Introduction

Potential transformers and coupling capacitor voltage transformers (CCVT's) have been used successfully for providing voltage to the inputs of meters and relays since the 1960's. At voltage levels above 138kV economics dictate that CCVT's be used to provide secondary voltages to relays. As we'll see later CCVT's consist of a capacitive voltage divider along with a step down transformer and other associated equipment. Placing capacitance in series and shunt to the natural inductance of the power system leads to resonant circuits and RC time constants that affect the faithful reproduction of the primary voltage on the output terminals of the CCVT. These transients weren't a problem for electromechanical relays, but with the advent of faster solid state relays and modern microprocessor relays CCVT transients became a problem that needed attention. This paper will discuss coupling capacitor voltage transformer design.
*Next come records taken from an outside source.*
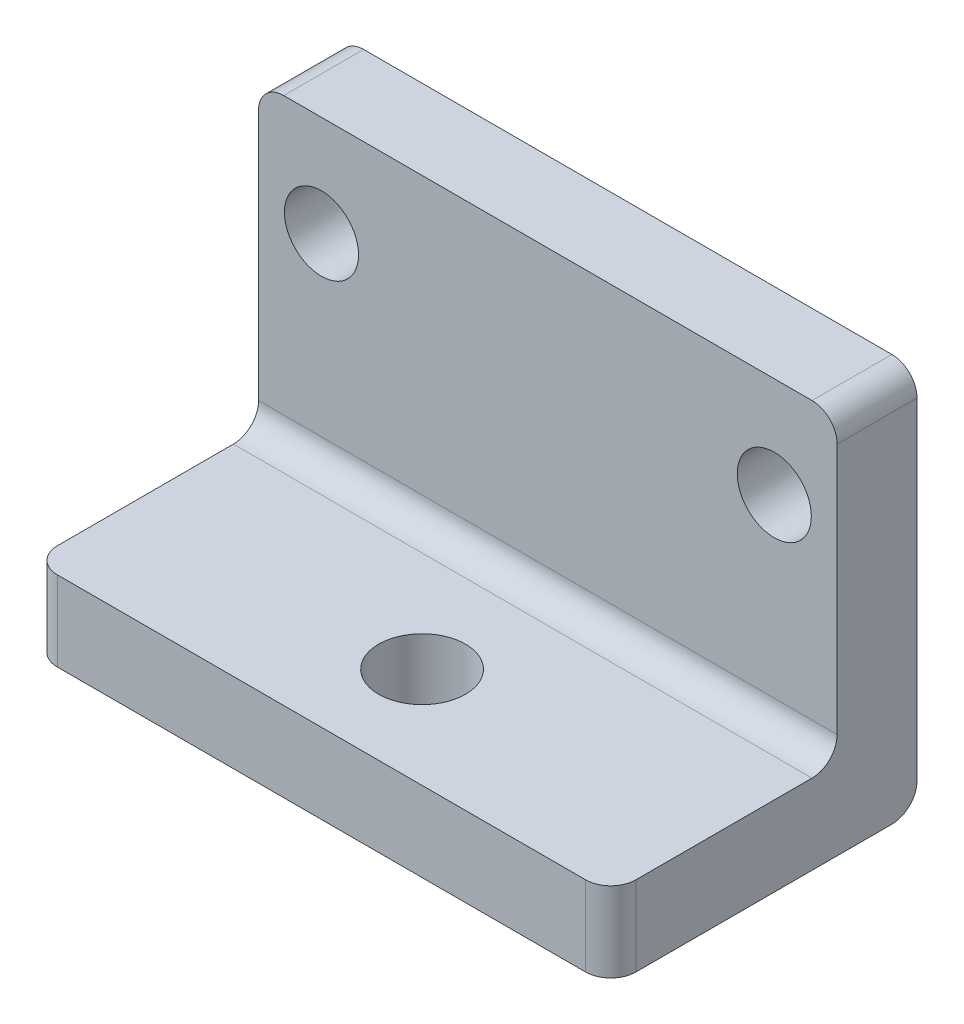
ISO-10303-21;
HEADER;
FILE_DESCRIPTION(('STEP AP214'),'2;1');
FILE_NAME('part.step','',(''),(''),'','','');
FILE_SCHEMA(('AUTOMOTIVE_DESIGN { 1 0 10303 214 1 1 1 1 }'));
ENDSEC;
DATA;
#1=APPLICATION_CONTEXT('core data for automotive mechanical design processes');
#2=APPLICATION_PROTOCOL_DEFINITION('international standard','automotive_design',2000,#1);
#3=PRODUCT_CONTEXT('',#1,'mechanical');
#4=PRODUCT('Part','Part','',(#3));
#5=PRODUCT_RELATED_PRODUCT_CATEGORY('part','',(#4));
#6=PRODUCT_DEFINITION_FORMATION('','',#4);
#7=PRODUCT_DEFINITION_CONTEXT('part definition',#1,'design');
#8=PRODUCT_DEFINITION('design','',#6,#7);
#9=PRODUCT_DEFINITION_SHAPE('','',#8);
#10=(LENGTH_UNIT() NAMED_UNIT(*) SI_UNIT(.MILLI.,.METRE.));
#11=(NAMED_UNIT(*) PLANE_ANGLE_UNIT() SI_UNIT($,.RADIAN.));
#12=(NAMED_UNIT(*) SI_UNIT($,.STERADIAN.) SOLID_ANGLE_UNIT());
#13=UNCERTAINTY_MEASURE_WITH_UNIT(LENGTH_MEASURE(1.E-05),#10,'distance_accuracy_value','');
#14=(GEOMETRIC_REPRESENTATION_CONTEXT(3) GLOBAL_UNCERTAINTY_ASSIGNED_CONTEXT((#13)) GLOBAL_UNIT_ASSIGNED_CONTEXT((#10,
#11,#12)) REPRESENTATION_CONTEXT('',''));
#15=CARTESIAN_POINT('',(0.,0.,0.));
#16=DIRECTION('',(0.,0.,1.));
#17=DIRECTION('',(1.,0.,0.));
#18=AXIS2_PLACEMENT_3D('',#15,#16,#17);
#19=CARTESIAN_POINT('',(23.,0.,3.175));
#20=DIRECTION('',(1.,0.,0.));
#21=DIRECTION('',(0.,0.,-1.));
#22=AXIS2_PLACEMENT_3D('',#19,#20,#21);
#23=PLANE('',#22);
#24=DIRECTION('',(0.,-1.,0.));
#25=VECTOR('',#24,1.);
#26=CARTESIAN_POINT('',(23.,0.,0.));
#27=LINE('',#26,#25);
#28=CARTESIAN_POINT('',(23.,1.,0.));
#29=VERTEX_POINT('',#28);
#30=CARTESIAN_POINT('',(23.,-12.175,0.));
#31=VERTEX_POINT('',#30);
#32=EDGE_CURVE('E163',#29,#31,#27,.T.);
#33=ORIENTED_EDGE('',*,*,#32,.F.);
#34=DIRECTION('',(0.,0.,-1.));
#35=VECTOR('',#34,1.);
#36=CARTESIAN_POINT('',(23.,1.,3.175));
#37=LINE('',#36,#35);
#38=CARTESIAN_POINT('',(23.,1.,3.175));
#39=VERTEX_POINT('',#38);
#40=EDGE_CURVE('E189',#29,#39,#37,.F.);
#41=ORIENTED_EDGE('',*,*,#40,.T.);
#42=DIRECTION('',(0.,-1.,0.));
#43=VECTOR('',#42,1.);
#44=CARTESIAN_POINT('',(23.,0.,3.175));
#45=LINE('',#44,#43);
#46=CARTESIAN_POINT('',(23.,-9.,3.175));
#47=VERTEX_POINT('',#46);
#48=EDGE_CURVE('E262',#39,#47,#45,.T.);
#49=ORIENTED_EDGE('',*,*,#48,.T.);
#50=CARTESIAN_POINT('',(23.,-9.,4.175));
#51=DIRECTION('',(1.,0.,0.));
#52=DIRECTION('',(0.,0.,-1.));
#53=AXIS2_PLACEMENT_3D('',#50,#51,#52);
#54=CIRCLE('',#53,1.);
#55=CARTESIAN_POINT('',(23.,-10.,4.175));
#56=VERTEX_POINT('',#55);
#57=EDGE_CURVE('E11',#47,#56,#54,.F.);
#58=ORIENTED_EDGE('',*,*,#57,.T.);
#59=DIRECTION('',(0.,0.,-1.));
#60=VECTOR('',#59,1.);
#61=CARTESIAN_POINT('',(23.,-10.,12.175));
#62=LINE('',#61,#60);
#63=CARTESIAN_POINT('',(23.,-10.,11.175));
#64=VERTEX_POINT('',#63);
#65=EDGE_CURVE('E260',#64,#56,#62,.T.);
#66=ORIENTED_EDGE('',*,*,#65,.F.);
#67=DIRECTION('',(0.,1.,0.));
#68=VECTOR('',#67,1.);
#69=CARTESIAN_POINT('',(23.,0.,11.175));
#70=LINE('',#69,#68);
#71=CARTESIAN_POINT('',(23.,-13.175,11.175));
#72=VERTEX_POINT('',#71);
#73=EDGE_CURVE('E186',#64,#72,#70,.F.);
#74=ORIENTED_EDGE('',*,*,#73,.T.);
#75=DIRECTION('',(0.,0.,-1.));
#76=VECTOR('',#75,1.);
#77=CARTESIAN_POINT('',(23.,-13.175,3.175));
#78=LINE('',#77,#76);
#79=CARTESIAN_POINT('',(23.,-13.175,1.));
#80=VERTEX_POINT('',#79);
#81=EDGE_CURVE('E175',#72,#80,#78,.T.);
#82=ORIENTED_EDGE('',*,*,#81,.T.);
#83=CARTESIAN_POINT('',(23.,-12.175,1.));
#84=DIRECTION('',(1.,0.,0.));
#85=DIRECTION('',(0.,0.,-1.));
#86=AXIS2_PLACEMENT_3D('',#83,#84,#85);
#87=CIRCLE('',#86,1.);
#88=EDGE_CURVE('E183',#80,#31,#87,.T.);
#89=ORIENTED_EDGE('',*,*,#88,.T.);
#90=EDGE_LOOP('',(#33,#41,#49,#58,#66,#74,#82,#89));
#91=FACE_BOUND('',#90,.T.);
#92=ADVANCED_FACE('F49',(#91),#23,.T.);
#93=CARTESIAN_POINT('',(0.,2.,3.175));
#94=DIRECTION('',(0.,1.,0.));
#95=DIRECTION('',(0.,0.,1.));
#96=AXIS2_PLACEMENT_3D('',#93,#94,#95);
#97=PLANE('',#96);
#98=DIRECTION('',(1.,0.,0.));
#99=VECTOR('',#98,1.);
#100=CARTESIAN_POINT('',(0.,2.,3.175));
#101=LINE('',#100,#99);
#102=CARTESIAN_POINT('',(1.,2.,3.175));
#103=VERTEX_POINT('',#102);
#104=CARTESIAN_POINT('',(22.,2.,3.175));
#105=VERTEX_POINT('',#104);
#106=EDGE_CURVE('E252',#103,#105,#101,.T.);
#107=ORIENTED_EDGE('',*,*,#106,.T.);
#108=DIRECTION('',(0.,0.,-1.));
#109=VECTOR('',#108,1.);
#110=CARTESIAN_POINT('',(22.,2.,3.175));
#111=LINE('',#110,#109);
#112=CARTESIAN_POINT('',(22.,2.,0.));
#113=VERTEX_POINT('',#112);
#114=EDGE_CURVE('E161',#105,#113,#111,.T.);
#115=ORIENTED_EDGE('',*,*,#114,.T.);
#116=DIRECTION('',(1.,0.,0.));
#117=VECTOR('',#116,1.);
#118=CARTESIAN_POINT('',(0.,2.,0.));
#119=LINE('',#118,#117);
#120=CARTESIAN_POINT('',(1.,2.,0.));
#121=VERTEX_POINT('',#120);
#122=EDGE_CURVE('E143',#121,#113,#119,.T.);
#123=ORIENTED_EDGE('',*,*,#122,.F.);
#124=DIRECTION('',(0.,0.,-1.));
#125=VECTOR('',#124,1.);
#126=CARTESIAN_POINT('',(1.,2.,3.175));
#127=LINE('',#126,#125);
#128=EDGE_CURVE('E158',#121,#103,#127,.F.);
#129=ORIENTED_EDGE('',*,*,#128,.T.);
#130=EDGE_LOOP('',(#107,#115,#123,#129));
#131=FACE_BOUND('',#130,.T.);
#132=ADVANCED_FACE('F157',(#131),#97,.T.);
#133=CARTESIAN_POINT('',(0.,0.,3.175));
#134=DIRECTION('',(1.,0.,0.));
#135=DIRECTION('',(0.,1.,0.));
#136=AXIS2_PLACEMENT_3D('',#133,#134,#135);
#137=PLANE('',#136);
#138=DIRECTION('',(0.,-1.,0.));
#139=VECTOR('',#138,1.);
#140=CARTESIAN_POINT('',(0.,0.,3.175));
#141=LINE('',#140,#139);
#142=CARTESIAN_POINT('',(0.,1.,3.175));
#143=VERTEX_POINT('',#142);
#144=CARTESIAN_POINT('',(0.,-9.,3.175));
#145=VERTEX_POINT('',#144);
#146=EDGE_CURVE('E240',#143,#145,#141,.T.);
#147=ORIENTED_EDGE('',*,*,#146,.F.);
#148=DIRECTION('',(0.,0.,-1.));
#149=VECTOR('',#148,1.);
#150=CARTESIAN_POINT('',(0.,1.,0.));
#151=LINE('',#150,#149);
#152=CARTESIAN_POINT('',(0.,1.,0.));
#153=VERTEX_POINT('',#152);
#154=EDGE_CURVE('E207',#143,#153,#151,.T.);
#155=ORIENTED_EDGE('',*,*,#154,.T.);
#156=DIRECTION('',(0.,-1.,0.));
#157=VECTOR('',#156,1.);
#158=CARTESIAN_POINT('',(0.,0.,0.));
#159=LINE('',#158,#157);
#160=CARTESIAN_POINT('',(0.,-12.175,0.));
#161=VERTEX_POINT('',#160);
#162=EDGE_CURVE('E145',#153,#161,#159,.T.);
#163=ORIENTED_EDGE('',*,*,#162,.T.);
#164=CARTESIAN_POINT('',(0.,-12.175,1.));
#165=DIRECTION('',(1.,0.,0.));
#166=DIRECTION('',(0.,1.,0.));
#167=AXIS2_PLACEMENT_3D('',#164,#165,#166);
#168=CIRCLE('',#167,1.);
#169=CARTESIAN_POINT('',(0.,-13.175,1.));
#170=VERTEX_POINT('',#169);
#171=EDGE_CURVE('E200',#161,#170,#168,.F.);
#172=ORIENTED_EDGE('',*,*,#171,.T.);
#173=DIRECTION('',(0.,0.,-1.));
#174=VECTOR('',#173,1.);
#175=CARTESIAN_POINT('',(0.,-13.175,3.175));
#176=LINE('',#175,#174);
#177=CARTESIAN_POINT('',(0.,-13.175,11.175));
#178=VERTEX_POINT('',#177);
#179=EDGE_CURVE('E169',#178,#170,#176,.T.);
#180=ORIENTED_EDGE('',*,*,#179,.F.);
#181=DIRECTION('',(0.,1.,0.));
#182=VECTOR('',#181,1.);
#183=CARTESIAN_POINT('',(0.,-10.,11.175));
#184=LINE('',#183,#182);
#185=CARTESIAN_POINT('',(0.,-10.,11.175));
#186=VERTEX_POINT('',#185);
#187=EDGE_CURVE('E203',#178,#186,#184,.T.);
#188=ORIENTED_EDGE('',*,*,#187,.T.);
#189=DIRECTION('',(0.,0.,-1.));
#190=VECTOR('',#189,1.);
#191=CARTESIAN_POINT('',(0.,-10.,12.175));
#192=LINE('',#191,#190);
#193=CARTESIAN_POINT('',(0.,-10.,4.175));
#194=VERTEX_POINT('',#193);
#195=EDGE_CURVE('E242',#186,#194,#192,.T.);
#196=ORIENTED_EDGE('',*,*,#195,.T.);
#197=CARTESIAN_POINT('',(0.,-9.,4.175));
#198=DIRECTION('',(1.,0.,0.));
#199=DIRECTION('',(0.,1.,0.));
#200=AXIS2_PLACEMENT_3D('',#197,#198,#199);
#201=CIRCLE('',#200,1.);
#202=EDGE_CURVE('E58',#194,#145,#201,.T.);
#203=ORIENTED_EDGE('',*,*,#202,.T.);
#204=EDGE_LOOP('',(#147,#155,#163,#172,#180,#188,#196,#203));
#205=FACE_BOUND('',#204,.T.);
#206=ADVANCED_FACE('F239',(#205),#137,.F.);
#207=CARTESIAN_POINT('',(2.5,-2.,3.175));
#208=DIRECTION('',(0.,0.,-1.));
#209=DIRECTION('',(-1.,0.,0.));
#210=AXIS2_PLACEMENT_3D('',#207,#208,#209);
#211=CYLINDRICAL_SURFACE('',#210,1.4732);
#212=CARTESIAN_POINT('',(2.5,-2.,3.175));
#213=DIRECTION('',(0.,0.,1.));
#214=DIRECTION('',(1.,0.,0.));
#215=AXIS2_PLACEMENT_3D('',#212,#213,#214);
#216=CIRCLE('',#215,1.4732);
#217=CARTESIAN_POINT('',(3.9732,-2.,3.175));
#218=VERTEX_POINT('',#217);
#219=EDGE_CURVE('E283',#218,#218,#216,.T.);
#220=ORIENTED_EDGE('',*,*,#219,.T.);
#221=EDGE_LOOP('',(#220));
#222=FACE_BOUND('',#221,.T.);
#223=CARTESIAN_POINT('',(2.5,-2.,0.));
#224=DIRECTION('',(0.,0.,1.));
#225=DIRECTION('',(1.,0.,0.));
#226=AXIS2_PLACEMENT_3D('',#223,#224,#225);
#227=CIRCLE('',#226,1.4732);
#228=CARTESIAN_POINT('',(3.9732,-2.,0.));
#229=VERTEX_POINT('',#228);
#230=EDGE_CURVE('E272',#229,#229,#227,.T.);
#231=ORIENTED_EDGE('',*,*,#230,.F.);
#232=EDGE_LOOP('',(#231));
#233=FACE_BOUND('',#232,.T.);
#234=ADVANCED_FACE('F339',(#222,#233),#211,.F.);
#235=CARTESIAN_POINT('',(20.5,-2.,3.175));
#236=DIRECTION('',(0.,0.,-1.));
#237=DIRECTION('',(-1.,0.,0.));
#238=AXIS2_PLACEMENT_3D('',#235,#236,#237);
#239=CYLINDRICAL_SURFACE('',#238,1.4732);
#240=CARTESIAN_POINT('',(20.5,-2.,3.175));
#241=DIRECTION('',(0.,0.,1.));
#242=DIRECTION('',(1.,0.,0.));
#243=AXIS2_PLACEMENT_3D('',#240,#241,#242);
#244=CIRCLE('',#243,1.4732);
#245=CARTESIAN_POINT('',(21.9732,-2.,3.175));
#246=VERTEX_POINT('',#245);
#247=EDGE_CURVE('E279',#246,#246,#244,.T.);
#248=ORIENTED_EDGE('',*,*,#247,.T.);
#249=EDGE_LOOP('',(#248));
#250=FACE_BOUND('',#249,.T.);
#251=CARTESIAN_POINT('',(20.5,-2.,0.));
#252=DIRECTION('',(0.,0.,1.));
#253=DIRECTION('',(1.,0.,0.));
#254=AXIS2_PLACEMENT_3D('',#251,#252,#253);
#255=CIRCLE('',#254,1.4732);
#256=CARTESIAN_POINT('',(21.9732,-2.,0.));
#257=VERTEX_POINT('',#256);
#258=EDGE_CURVE('E267',#257,#257,#255,.T.);
#259=ORIENTED_EDGE('',*,*,#258,.F.);
#260=EDGE_LOOP('',(#259));
#261=FACE_BOUND('',#260,.T.);
#262=ADVANCED_FACE('F342',(#250,#261),#239,.F.);
#263=CARTESIAN_POINT('',(0.,-13.175,3.175));
#264=DIRECTION('',(0.,1.,0.));
#265=DIRECTION('',(0.,0.,1.));
#266=AXIS2_PLACEMENT_3D('',#263,#264,#265);
#267=PLANE('',#266);
#268=CARTESIAN_POINT('',(11.5,-13.175,8.175));
#269=DIRECTION('',(0.,1.,0.));
#270=DIRECTION('',(0.,0.,1.));
#271=AXIS2_PLACEMENT_3D('',#268,#269,#270);
#272=CIRCLE('',#271,1.7272);
#273=CARTESIAN_POINT('',(11.5,-13.175,9.9022));
#274=VERTEX_POINT('',#273);
#275=EDGE_CURVE('E308',#274,#274,#272,.T.);
#276=ORIENTED_EDGE('',*,*,#275,.T.);
#277=EDGE_LOOP('',(#276));
#278=FACE_BOUND('',#277,.T.);
#279=DIRECTION('',(-1.,0.,0.));
#280=VECTOR('',#279,1.);
#281=CARTESIAN_POINT('',(0.,-13.175,12.175));
#282=LINE('',#281,#280);
#283=CARTESIAN_POINT('',(22.,-13.175,12.175));
#284=VERTEX_POINT('',#283);
#285=CARTESIAN_POINT('',(1.,-13.175,12.175));
#286=VERTEX_POINT('',#285);
#287=EDGE_CURVE('E274',#284,#286,#282,.T.);
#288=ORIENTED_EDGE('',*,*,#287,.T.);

What factors in the design influence the transient behavior of the CCVT. What factors in the power system contribute to the transient behavior of the CCVT. How CCVT transient behavior affects relay performance. Finally, how relay manufacturers take this transient behavior into account in relay design. A Capacitive Voltage Transformer (CVT) is a CCVT without carrier accessories. The paper will use these terms interchangeably. Even though there is a slight difference between the two, the portion of the device in that pertains to the transient response is the same.